Differential Diagnosis for a 24-year-old Male with Fevers, Flank Pain, and Splenomegaly
- Single most likely diagnosis:
- Pyelonephritis or acute pyelonephritis with a slight elevation of creatinine, despite the absence of urinary findings, as the symptoms of flank pain and fever are consistent, and the slight elevation in creatinine and BUN could indicate renal involvement. However, the clear urine and lack of specific urinary symptoms make this less straightforward.
- Other Likely diagnoses:
- Infectious mononucleosis (mono) given the presence of fever, headache, and splenomegaly.

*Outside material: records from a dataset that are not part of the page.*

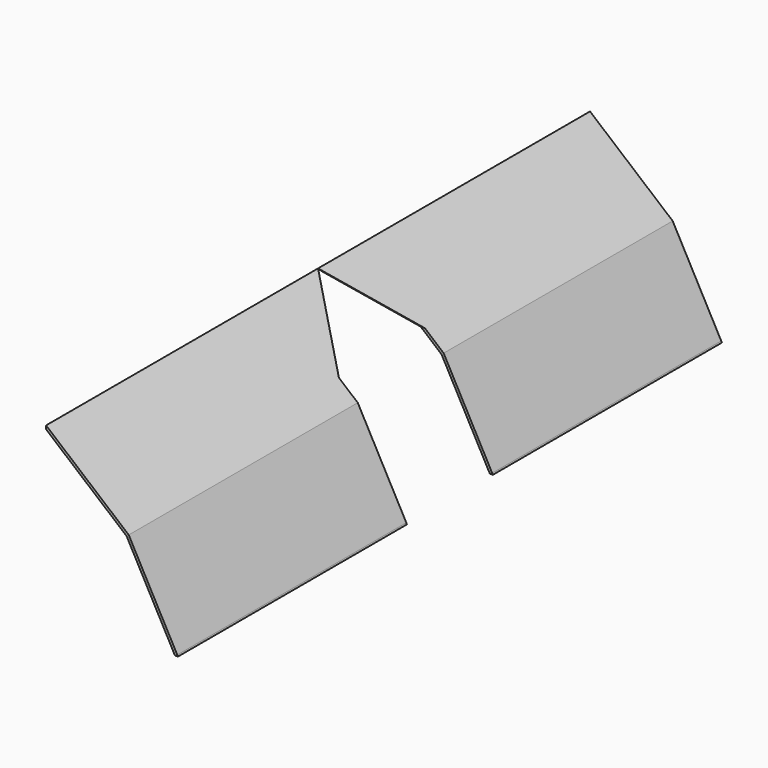
from build123d import *

# Parameters (mm, degrees)
F1_DEPTH  = 247.3
F3_DEPTH  = 300
F4_DEPTH  = 61.9
F5_DEPTH  = 40
F7_DEPTH  = 300
F8_DEPTH  = 300
F10_DEPTH = 300
F11_DEPTH = 25
F12_DEPTH = 71.4
F13_DEPTH = 3
F14_DEPTH = 65.7
F15_DEPTH = 82.2
F2_W      = 20
F2_H      = 39.8570230463
F16_DEPTH = 52.6
F17_DEPTH = 121.6
F18_DEPTH = 3
F20_DEPTH = 25


# Not quite as in the source:
# - a feature of the source that left no trace in its solid (it failed there, or was rolled back) is left out
# - a feature names something its author has since deleted; it is built from what else it names


with BuildPart() as f1:
    # F0 (on Front) → F1 (new body)
    with BuildSketch(Plane.XZ):
        Polygon((-78.8866152354, 43.4383174348), (-78.6296018241, 42.9628188217), (-78.6296018241, 102.819841868), (-127.7663317061, 102.819841868), (-96.9769939736, 76.9071934711), align=None)
        Polygon((-79.7663317061, 42.9628188217), (-97.7663317061, 76.264485822), (-127.7663317061, 101.5128188217), (-157.7663317061, 76.264485822), (-175.7663317061, 42.9628188217), align=None)
        Polygon((-127.7663317061, 101.5128188217), (-97.7663317061, 76.264485822), (-79.7663317061, 42.9628188217), (-78.6296018241, 42.9628188217), (-78.8866152354, 43.4383174348), (-96.9769939736, 76.9071934711), (-127.7663317061, 102.819841868), (-158.5556694386, 76.9071934711), (-176.9030615881, 42.9628188217), (-175.7663317061, 42.9628188217), (-157.7663317061, 76.264485822), align=None)
        Polygon((-176.9030615881, 102.819841868), (-176.9030615881, 42.9628188217), (-158.5556694386, 76.9071934711), (-127.7663317061, 102.819841868), align=None)
    extrude(amount=-F1_DEPTH)

    # F0 (on Front) → F3 (cut)
    with BuildSketch(Plane.XZ):
        Polygon((-78.8866152354, 43.4383174348), (-78.6296018241, 42.9628188217), (-78.6296018241, 102.819841868), (-127.7663317061, 102.819841868), (-96.9769939736, 76.9071934711), align=None)
    extrude(amount=-F3_DEPTH, mode=Mode.SUBTRACT)

    # F2 (on face) → F4 (join)
    with BuildSketch(Plane.YZ.offset(-78.6296018241)):
        Polygon((123.65, 84.6090763807), (123.65, 102.819841868), (103.65, 82.819841868), (123.65, 82.819841868), align=None)
    extrude(amount=-F4_DEPTH)

    # F5 (add): a face of the model
    f5_faces = [f1.faces().sort_by_distance(p)[0] for p in [
        (-91.3159942007, 113.65, 82.819841868),
    ]]
    extrude(f5_faces, amount=F5_DEPTH)

    # F0 (on Front) → F7 (cut)
    with BuildSketch(Plane.XZ):
        Polygon((-79.7663317061, 42.9628188217), (-97.7663317061, 76.264485822), (-127.7663317061, 101.5128188217), (-157.7663317061, 76.264485822), (-175.7663317061, 42.9628188217), align=None)
    extrude(amount=-F7_DEPTH, mode=Mode.SUBTRACT)

    # F0 (on Front) → F8 (cut)
    with BuildSketch(Plane.XZ):
        Polygon((-176.9030615881, 102.819841868), (-176.9030615881, 42.9628188217), (-158.5556694386, 76.9071934711), (-127.7663317061, 102.819841868), align=None)
    extrude(amount=-F8_DEPTH, mode=Mode.SUBTRACT)

    # F9 (on face) → F10 (cut)
    with BuildSketch(Plane.XZ):
        Polygon((-127.7663317061, 101.5128188217), (-127.7663317061, 102.819841868), (-158.5556694386, 76.9071934711), (-176.9030615881, 42.9628188217), (-175.7663317061, 42.9628188217), (-157.7663317061, 76.264485822), align=None)
    extrude(amount=-F10_DEPTH, mode=Mode.SUBTRACT)

    # F11 (cut): a face of the model
    f11_faces = [f1.faces().sort_by_distance(p)[0] for p in [
        (-78.6296018241, 114.3166666667, 68.1531752014),
    ]]
    extrude(f11_faces, amount=-F11_DEPTH, mode=Mode.SUBTRACT)

    # F12 (cut): faces of the model
    f12_faces = [f1.faces().sort_by_distance(p)[0] for p in [
        (-103.6296018241, 116.5184290192, 88.4436749614),
        (-103.6296018241, 113.65, 42.8913303449),
    ]]
    extrude(f12_faces, amount=-F12_DEPTH, mode=Mode.SUBTRACT)

    # F0 (on Front) → F13 (join)
    with BuildSketch(Plane.XZ):
        Polygon((-127.7663317061, 101.5128188217), (-97.7663317061, 76.264485822), (-79.7663317061, 42.9628188217), (-78.6296018241, 42.9628188217), (-78.8866152354, 43.4383174348), (-96.9769939736, 76.9071934711), (-127.7663317061, 102.819841868), (-158.5556694386, 76.9071934711), (-176.9030615881, 42.9628188217), (-175.7663317061, 42.9628188217), (-157.7663317061, 76.264485822), align=None)
    extrude(amount=F13_DEPTH)

    # F2 (on face) → F14 (join)
    with BuildSketch(Plane.YZ.offset(-78.6296018241)):
        Polygon((143.65, 82.819841868), (123.65, 102.819841868), (123.65, 84.6090763807), (123.65, 82.819841868), align=None)
    extrude(amount=-F14_DEPTH)

    # F2 (on face) → F15 (cut)
    with BuildSketch(Plane.YZ.offset(-78.6296018241)):
        Polygon((143.65, 82.819841868), (123.65, 102.819841868), (123.65, 84.6090763807), (123.65, 82.819841868), align=None)
    extrude(amount=-F15_DEPTH, mode=Mode.SUBTRACT)

    # F2 (on face) → F16 (join)
    with BuildSketch(Plane.YZ.offset(-78.6296018241)):
        with Locations((133.65, 62.8913303449)):
            Rectangle(F2_W, F2_H)
    extrude(amount=-F16_DEPTH)

    # F2 (on face) → F17 (cut)
    with BuildSketch(Plane.YZ.offset(-78.6296018241)):
        with Locations((133.65, 62.8913303449)):
            Rectangle(F2_W, F2_H)
    extrude(amount=-F17_DEPTH, mode=Mode.SUBTRACT)

    # F18 (add): a face of the model
    f18_faces = [f1.faces().sort_by_distance(p)[0] for p in [
        (-112.8703238632, 247.3, 89.2710100097),
    ]]
    extrude(f18_faces, amount=F18_DEPTH)

    # F19 (on face) → F20 (cut)
    with BuildSketch(Plane.XZ.offset(3)):
        Polygon((-127.7663317061, 101.5128188217), (-127.7663317061, 102.819841868), (-158.5556694386, 76.9071934711), (-176.9030615881, 42.9628188217), (-175.7663317061, 42.9628188217), (-157.7663317061, 76.264485822), align=None)
    extrude(amount=-F20_DEPTH, mode=Mode.SUBTRACT)


solid = f1.part

The normal CBC does not rule out mono, as the CBC can be normal early in the disease.
- Viral hepatitis, although the chemistry panel is not fully provided, the slight elevation in creatinine could be seen in some cases of hepatitis, and splenomegaly can occur.
- Sepsis of another source (e.g., pneumonia, intra-abdominal infection) with secondary renal impairment, though the CT of the abdomen does not show an obvious source.
- Do Not Miss (ddxs that may not be likely, but would be deadly if missed):
- Sickle cell crisis, especially if the patient has sickle cell trait or disease, as it can cause renal impairment, pain episodes, and splenomegaly.
- Endocarditis, given the fever and splenomegaly, which could lead to renal emboli and impairment.
- Meningitis, as headache and fever could be indicative of this, and it's crucial to diagnose promptly.
- Rare diagnoses:
- Lymphoma, given the splenomegaly and systemic symptoms like fever, though this would be less common in the acute presentation described.
- Systemic lupus erythematosus (SLE) or other autoimmune diseases, which can cause renal impairment, fever, and splenomegaly, though these are less common and would typically have other associated findings.
- Tuberculosis, which can cause a wide range of systemic symptoms including fever, renal impairment, and splenomegaly, though this would be less common in the described acute presentation.